Is there anyone or anything you would never photograph?

I have been asked more than once what would be the limit and I think, for example, that it would be a writer that collaborated with the military dictatorship in Argentina or a writer who has been a mouthpiece for whatever regime. But in the end, I tell myself that instead of denying myself the photo I would take a portrait of them and let my feelings on the topic show in the photo.

What can and what cannot be shown in a photo?

Often my photos unconsciously show things that writers are trying to hide. I’m not doing this on purpose; it’s just how things turn out. In any case, it all comes out with good faith and, when it happens, what I do is share the photo with the writer, ask for permission to publish it without explaining why I’m asking for it or revealing what I see. I simply look for his or her complicity, not only in taking the photograph, but also with bringing it to light.

Simona Fodor

 

The “fotinski” is a fun photograph showing the author outside his or her customary writer’s pose. Mordzinski explains the importance of ensuring the humor or irony that often accompanies these photos never crosses into the ridiculous.

A selection of photos taken by Daniel Mordzinski

 

 

 

 

 

 

 

 

 

 

 

 

 

 

 

 

 

 

 

CREDENTIALS

Born in Buenos Aires in 1960, Mordzinski started working in the national film industry aged 18. In 1982 he began his career as a professional photographer as a correspondent in Israel. He has been living in Paris since 1980 and is currently the correspondent of Spanish newspaper El Pais.The Argentine is an official photographer of several literary events, including the Hay festival, Vivamerica in Madrid and FILBA in Buenos Aires. He photographed Peruvian writer Mario Vargas Lllosa, winner of the 2010 Nobel Prize for Literature, at the awards ceremony.

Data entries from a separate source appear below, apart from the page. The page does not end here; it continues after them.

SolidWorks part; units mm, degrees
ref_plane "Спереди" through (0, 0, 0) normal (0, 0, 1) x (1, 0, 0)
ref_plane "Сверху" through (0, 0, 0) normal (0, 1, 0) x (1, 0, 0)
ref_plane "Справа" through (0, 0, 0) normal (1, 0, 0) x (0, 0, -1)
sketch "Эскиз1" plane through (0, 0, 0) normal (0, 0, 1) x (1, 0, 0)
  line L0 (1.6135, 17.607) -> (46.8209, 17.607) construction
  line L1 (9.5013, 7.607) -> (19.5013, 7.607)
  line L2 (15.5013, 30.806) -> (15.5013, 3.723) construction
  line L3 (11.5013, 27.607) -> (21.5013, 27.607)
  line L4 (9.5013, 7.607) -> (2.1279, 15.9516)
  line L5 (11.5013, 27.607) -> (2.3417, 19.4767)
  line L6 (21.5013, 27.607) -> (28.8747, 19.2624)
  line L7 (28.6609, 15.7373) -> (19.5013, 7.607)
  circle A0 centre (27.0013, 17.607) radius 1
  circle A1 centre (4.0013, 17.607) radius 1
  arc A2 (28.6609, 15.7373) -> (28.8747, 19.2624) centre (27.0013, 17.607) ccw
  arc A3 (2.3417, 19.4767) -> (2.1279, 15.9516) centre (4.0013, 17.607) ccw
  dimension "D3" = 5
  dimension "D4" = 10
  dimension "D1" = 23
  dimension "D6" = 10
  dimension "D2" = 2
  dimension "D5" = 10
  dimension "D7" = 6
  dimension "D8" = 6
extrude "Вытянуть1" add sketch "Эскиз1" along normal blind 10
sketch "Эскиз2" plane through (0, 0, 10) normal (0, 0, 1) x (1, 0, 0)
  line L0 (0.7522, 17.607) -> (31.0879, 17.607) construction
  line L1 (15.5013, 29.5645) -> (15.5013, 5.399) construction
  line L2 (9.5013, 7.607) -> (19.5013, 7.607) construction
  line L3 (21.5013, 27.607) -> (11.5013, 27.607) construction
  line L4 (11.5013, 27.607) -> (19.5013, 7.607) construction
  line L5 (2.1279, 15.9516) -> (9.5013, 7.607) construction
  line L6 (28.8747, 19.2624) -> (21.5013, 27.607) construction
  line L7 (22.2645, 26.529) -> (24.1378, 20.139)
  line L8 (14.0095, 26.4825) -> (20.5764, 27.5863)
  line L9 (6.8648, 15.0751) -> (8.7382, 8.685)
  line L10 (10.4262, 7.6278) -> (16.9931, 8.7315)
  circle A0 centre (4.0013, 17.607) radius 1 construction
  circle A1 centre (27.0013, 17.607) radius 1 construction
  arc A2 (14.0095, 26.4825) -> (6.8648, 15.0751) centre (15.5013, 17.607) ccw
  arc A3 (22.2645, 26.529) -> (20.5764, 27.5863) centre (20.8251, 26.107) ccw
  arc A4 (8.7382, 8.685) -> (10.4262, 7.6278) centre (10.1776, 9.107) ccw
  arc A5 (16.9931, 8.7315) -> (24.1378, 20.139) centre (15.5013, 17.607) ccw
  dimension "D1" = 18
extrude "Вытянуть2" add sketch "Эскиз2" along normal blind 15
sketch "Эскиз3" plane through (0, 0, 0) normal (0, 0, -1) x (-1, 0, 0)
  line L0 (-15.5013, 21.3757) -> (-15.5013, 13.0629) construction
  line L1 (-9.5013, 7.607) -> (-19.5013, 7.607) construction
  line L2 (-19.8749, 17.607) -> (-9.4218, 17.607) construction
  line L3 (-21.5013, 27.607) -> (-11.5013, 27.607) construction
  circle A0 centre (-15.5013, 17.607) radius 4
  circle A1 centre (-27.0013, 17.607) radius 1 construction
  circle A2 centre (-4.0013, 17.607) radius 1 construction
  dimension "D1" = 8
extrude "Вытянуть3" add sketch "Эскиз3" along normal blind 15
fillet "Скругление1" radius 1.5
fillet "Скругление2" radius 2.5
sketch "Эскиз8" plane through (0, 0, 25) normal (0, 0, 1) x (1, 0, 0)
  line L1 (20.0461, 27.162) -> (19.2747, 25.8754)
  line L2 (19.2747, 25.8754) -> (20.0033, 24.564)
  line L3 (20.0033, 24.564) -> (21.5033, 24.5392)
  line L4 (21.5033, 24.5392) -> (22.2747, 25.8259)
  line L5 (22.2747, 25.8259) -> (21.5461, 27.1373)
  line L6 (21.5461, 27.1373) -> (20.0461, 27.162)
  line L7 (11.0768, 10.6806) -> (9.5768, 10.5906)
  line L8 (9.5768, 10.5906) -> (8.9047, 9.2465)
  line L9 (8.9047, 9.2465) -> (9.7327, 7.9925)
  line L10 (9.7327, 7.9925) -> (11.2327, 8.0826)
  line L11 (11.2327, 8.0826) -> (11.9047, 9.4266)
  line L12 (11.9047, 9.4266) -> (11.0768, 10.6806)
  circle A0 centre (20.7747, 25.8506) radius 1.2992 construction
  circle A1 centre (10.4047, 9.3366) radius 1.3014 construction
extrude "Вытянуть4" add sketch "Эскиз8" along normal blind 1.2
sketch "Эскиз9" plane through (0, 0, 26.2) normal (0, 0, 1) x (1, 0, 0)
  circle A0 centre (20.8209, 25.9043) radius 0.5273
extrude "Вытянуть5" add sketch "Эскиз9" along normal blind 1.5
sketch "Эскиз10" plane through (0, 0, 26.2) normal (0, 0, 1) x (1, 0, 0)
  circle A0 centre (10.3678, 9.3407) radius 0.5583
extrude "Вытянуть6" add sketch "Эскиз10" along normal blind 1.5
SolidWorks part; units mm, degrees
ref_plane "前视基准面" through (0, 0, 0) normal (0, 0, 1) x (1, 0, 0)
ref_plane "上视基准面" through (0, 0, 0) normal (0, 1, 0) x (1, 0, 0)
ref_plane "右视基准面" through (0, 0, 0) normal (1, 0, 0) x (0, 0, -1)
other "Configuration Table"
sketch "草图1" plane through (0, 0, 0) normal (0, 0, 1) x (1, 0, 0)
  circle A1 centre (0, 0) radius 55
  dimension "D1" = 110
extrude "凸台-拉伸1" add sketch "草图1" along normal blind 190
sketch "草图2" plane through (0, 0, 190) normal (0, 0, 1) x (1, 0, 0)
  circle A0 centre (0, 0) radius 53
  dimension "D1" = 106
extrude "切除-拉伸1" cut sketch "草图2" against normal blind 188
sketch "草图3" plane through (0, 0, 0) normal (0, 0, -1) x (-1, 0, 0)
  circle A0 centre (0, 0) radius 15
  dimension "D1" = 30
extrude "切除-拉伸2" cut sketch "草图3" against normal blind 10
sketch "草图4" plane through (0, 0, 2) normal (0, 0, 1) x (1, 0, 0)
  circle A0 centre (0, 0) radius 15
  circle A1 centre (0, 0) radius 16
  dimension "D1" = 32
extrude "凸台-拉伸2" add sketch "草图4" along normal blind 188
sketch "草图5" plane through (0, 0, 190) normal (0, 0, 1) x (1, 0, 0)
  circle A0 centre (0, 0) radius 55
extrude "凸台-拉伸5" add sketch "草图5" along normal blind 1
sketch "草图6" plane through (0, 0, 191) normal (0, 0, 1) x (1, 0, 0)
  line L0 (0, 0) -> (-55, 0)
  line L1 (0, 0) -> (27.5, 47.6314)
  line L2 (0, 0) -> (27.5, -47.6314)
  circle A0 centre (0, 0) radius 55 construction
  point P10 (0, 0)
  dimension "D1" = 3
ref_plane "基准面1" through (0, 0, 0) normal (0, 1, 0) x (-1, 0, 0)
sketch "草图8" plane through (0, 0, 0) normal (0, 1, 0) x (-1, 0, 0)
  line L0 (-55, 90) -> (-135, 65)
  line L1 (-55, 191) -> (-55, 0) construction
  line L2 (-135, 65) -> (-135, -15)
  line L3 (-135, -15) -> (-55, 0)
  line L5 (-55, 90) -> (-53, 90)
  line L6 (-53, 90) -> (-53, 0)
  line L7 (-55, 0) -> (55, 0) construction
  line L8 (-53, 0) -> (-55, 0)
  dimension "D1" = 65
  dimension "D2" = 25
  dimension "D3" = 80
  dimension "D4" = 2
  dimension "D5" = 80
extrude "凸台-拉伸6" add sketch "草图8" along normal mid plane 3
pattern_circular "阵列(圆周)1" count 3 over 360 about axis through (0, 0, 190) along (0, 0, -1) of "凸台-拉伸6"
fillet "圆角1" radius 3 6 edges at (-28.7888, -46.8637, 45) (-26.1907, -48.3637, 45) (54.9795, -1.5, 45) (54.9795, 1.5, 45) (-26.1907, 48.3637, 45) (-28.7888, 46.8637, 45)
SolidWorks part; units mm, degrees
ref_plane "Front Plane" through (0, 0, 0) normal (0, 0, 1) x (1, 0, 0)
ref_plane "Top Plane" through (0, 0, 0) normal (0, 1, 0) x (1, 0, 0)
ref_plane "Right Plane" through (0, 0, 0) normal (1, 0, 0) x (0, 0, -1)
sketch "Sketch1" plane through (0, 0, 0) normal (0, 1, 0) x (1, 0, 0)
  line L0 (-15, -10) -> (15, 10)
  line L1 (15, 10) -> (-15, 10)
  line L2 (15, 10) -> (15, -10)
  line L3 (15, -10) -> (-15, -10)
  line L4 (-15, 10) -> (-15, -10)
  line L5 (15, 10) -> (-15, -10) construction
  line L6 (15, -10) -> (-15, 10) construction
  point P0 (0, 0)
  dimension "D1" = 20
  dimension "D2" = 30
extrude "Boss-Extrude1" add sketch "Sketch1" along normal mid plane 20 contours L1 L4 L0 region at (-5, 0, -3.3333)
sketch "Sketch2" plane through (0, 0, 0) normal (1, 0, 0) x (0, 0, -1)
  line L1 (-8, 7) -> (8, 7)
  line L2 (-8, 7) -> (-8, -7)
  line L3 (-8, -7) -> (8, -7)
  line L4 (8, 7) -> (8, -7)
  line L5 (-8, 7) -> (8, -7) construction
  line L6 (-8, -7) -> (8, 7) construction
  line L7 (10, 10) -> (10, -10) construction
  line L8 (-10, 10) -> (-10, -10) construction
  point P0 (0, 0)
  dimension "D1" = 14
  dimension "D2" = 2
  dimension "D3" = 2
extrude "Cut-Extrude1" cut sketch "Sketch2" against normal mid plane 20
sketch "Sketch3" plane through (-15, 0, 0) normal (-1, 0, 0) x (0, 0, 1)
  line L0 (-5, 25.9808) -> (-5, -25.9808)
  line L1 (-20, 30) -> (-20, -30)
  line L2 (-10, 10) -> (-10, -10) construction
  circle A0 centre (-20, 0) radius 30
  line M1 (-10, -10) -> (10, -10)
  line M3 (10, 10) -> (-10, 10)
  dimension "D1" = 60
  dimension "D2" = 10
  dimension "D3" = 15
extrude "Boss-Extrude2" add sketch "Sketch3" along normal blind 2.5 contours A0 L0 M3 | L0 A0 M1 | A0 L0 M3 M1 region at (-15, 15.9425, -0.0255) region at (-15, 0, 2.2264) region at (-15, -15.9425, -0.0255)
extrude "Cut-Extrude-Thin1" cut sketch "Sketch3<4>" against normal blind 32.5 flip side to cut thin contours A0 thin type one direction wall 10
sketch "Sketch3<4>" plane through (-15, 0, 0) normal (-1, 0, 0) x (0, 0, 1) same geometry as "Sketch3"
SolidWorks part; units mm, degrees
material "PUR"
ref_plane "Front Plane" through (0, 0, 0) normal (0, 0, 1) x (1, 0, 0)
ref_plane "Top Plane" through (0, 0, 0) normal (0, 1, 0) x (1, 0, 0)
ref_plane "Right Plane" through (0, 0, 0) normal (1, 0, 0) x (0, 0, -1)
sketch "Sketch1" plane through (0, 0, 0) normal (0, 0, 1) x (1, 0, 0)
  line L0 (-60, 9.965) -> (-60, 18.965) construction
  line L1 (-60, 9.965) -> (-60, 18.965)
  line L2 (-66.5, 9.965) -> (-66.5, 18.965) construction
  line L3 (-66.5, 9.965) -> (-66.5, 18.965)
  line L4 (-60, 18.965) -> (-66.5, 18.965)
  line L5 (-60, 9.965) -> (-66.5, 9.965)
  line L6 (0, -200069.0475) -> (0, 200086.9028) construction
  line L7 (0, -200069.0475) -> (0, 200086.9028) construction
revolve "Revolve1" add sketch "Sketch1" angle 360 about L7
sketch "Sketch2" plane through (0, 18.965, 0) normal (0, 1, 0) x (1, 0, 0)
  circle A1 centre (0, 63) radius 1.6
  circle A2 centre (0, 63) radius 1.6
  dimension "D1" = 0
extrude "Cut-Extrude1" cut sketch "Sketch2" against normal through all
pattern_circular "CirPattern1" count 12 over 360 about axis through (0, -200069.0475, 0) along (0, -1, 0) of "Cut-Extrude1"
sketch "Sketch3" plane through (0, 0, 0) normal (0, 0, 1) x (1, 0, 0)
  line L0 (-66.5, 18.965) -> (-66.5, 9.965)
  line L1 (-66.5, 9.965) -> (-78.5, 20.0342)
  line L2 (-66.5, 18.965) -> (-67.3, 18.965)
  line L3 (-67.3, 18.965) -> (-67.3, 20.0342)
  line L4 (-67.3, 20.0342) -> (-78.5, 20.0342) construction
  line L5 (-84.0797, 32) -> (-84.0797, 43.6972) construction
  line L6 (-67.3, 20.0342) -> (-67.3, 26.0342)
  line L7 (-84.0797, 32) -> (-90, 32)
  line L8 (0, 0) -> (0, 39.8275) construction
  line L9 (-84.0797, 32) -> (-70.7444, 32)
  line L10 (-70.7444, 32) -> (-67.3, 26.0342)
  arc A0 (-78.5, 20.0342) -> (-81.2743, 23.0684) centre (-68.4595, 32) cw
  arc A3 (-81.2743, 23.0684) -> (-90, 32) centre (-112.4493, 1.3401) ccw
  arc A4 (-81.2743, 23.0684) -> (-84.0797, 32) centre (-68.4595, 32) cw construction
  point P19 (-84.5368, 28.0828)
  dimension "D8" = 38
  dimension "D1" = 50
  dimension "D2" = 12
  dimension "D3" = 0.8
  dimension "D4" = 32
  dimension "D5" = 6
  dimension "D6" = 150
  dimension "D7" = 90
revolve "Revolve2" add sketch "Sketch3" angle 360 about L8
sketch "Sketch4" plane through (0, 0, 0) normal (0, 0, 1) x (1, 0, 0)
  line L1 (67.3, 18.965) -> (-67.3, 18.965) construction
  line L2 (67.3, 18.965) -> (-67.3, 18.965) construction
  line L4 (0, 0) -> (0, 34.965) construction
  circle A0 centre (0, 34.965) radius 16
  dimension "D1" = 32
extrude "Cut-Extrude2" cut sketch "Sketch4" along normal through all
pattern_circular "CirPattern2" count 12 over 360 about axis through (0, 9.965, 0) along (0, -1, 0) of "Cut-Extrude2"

His works have been exhibited in museums across Latin America and at European festivals, and are to be found among some of the most prestigious collections of contemporary photography. Mordzinski made news last year when it was discovered that negatives he had built up over more than 30 years of work had disappeared from his office at the French daily Le Monde after a move. The event caused indignation on social networks and Le Monde and El Pais later issued a statement apologizing for the loss.

WHERE

Ink and Light. A look inside Hispano-American Literature.  

De tinta y luz. Una mirada al alma de las letras hispanoamericanas

The exhibition is open from April 16 to May 30.

Visiting hours: Monday to Saturday, from 10.00 to 19.00.

Instituto Cervantes, 38 Regina Elisabeta Blv.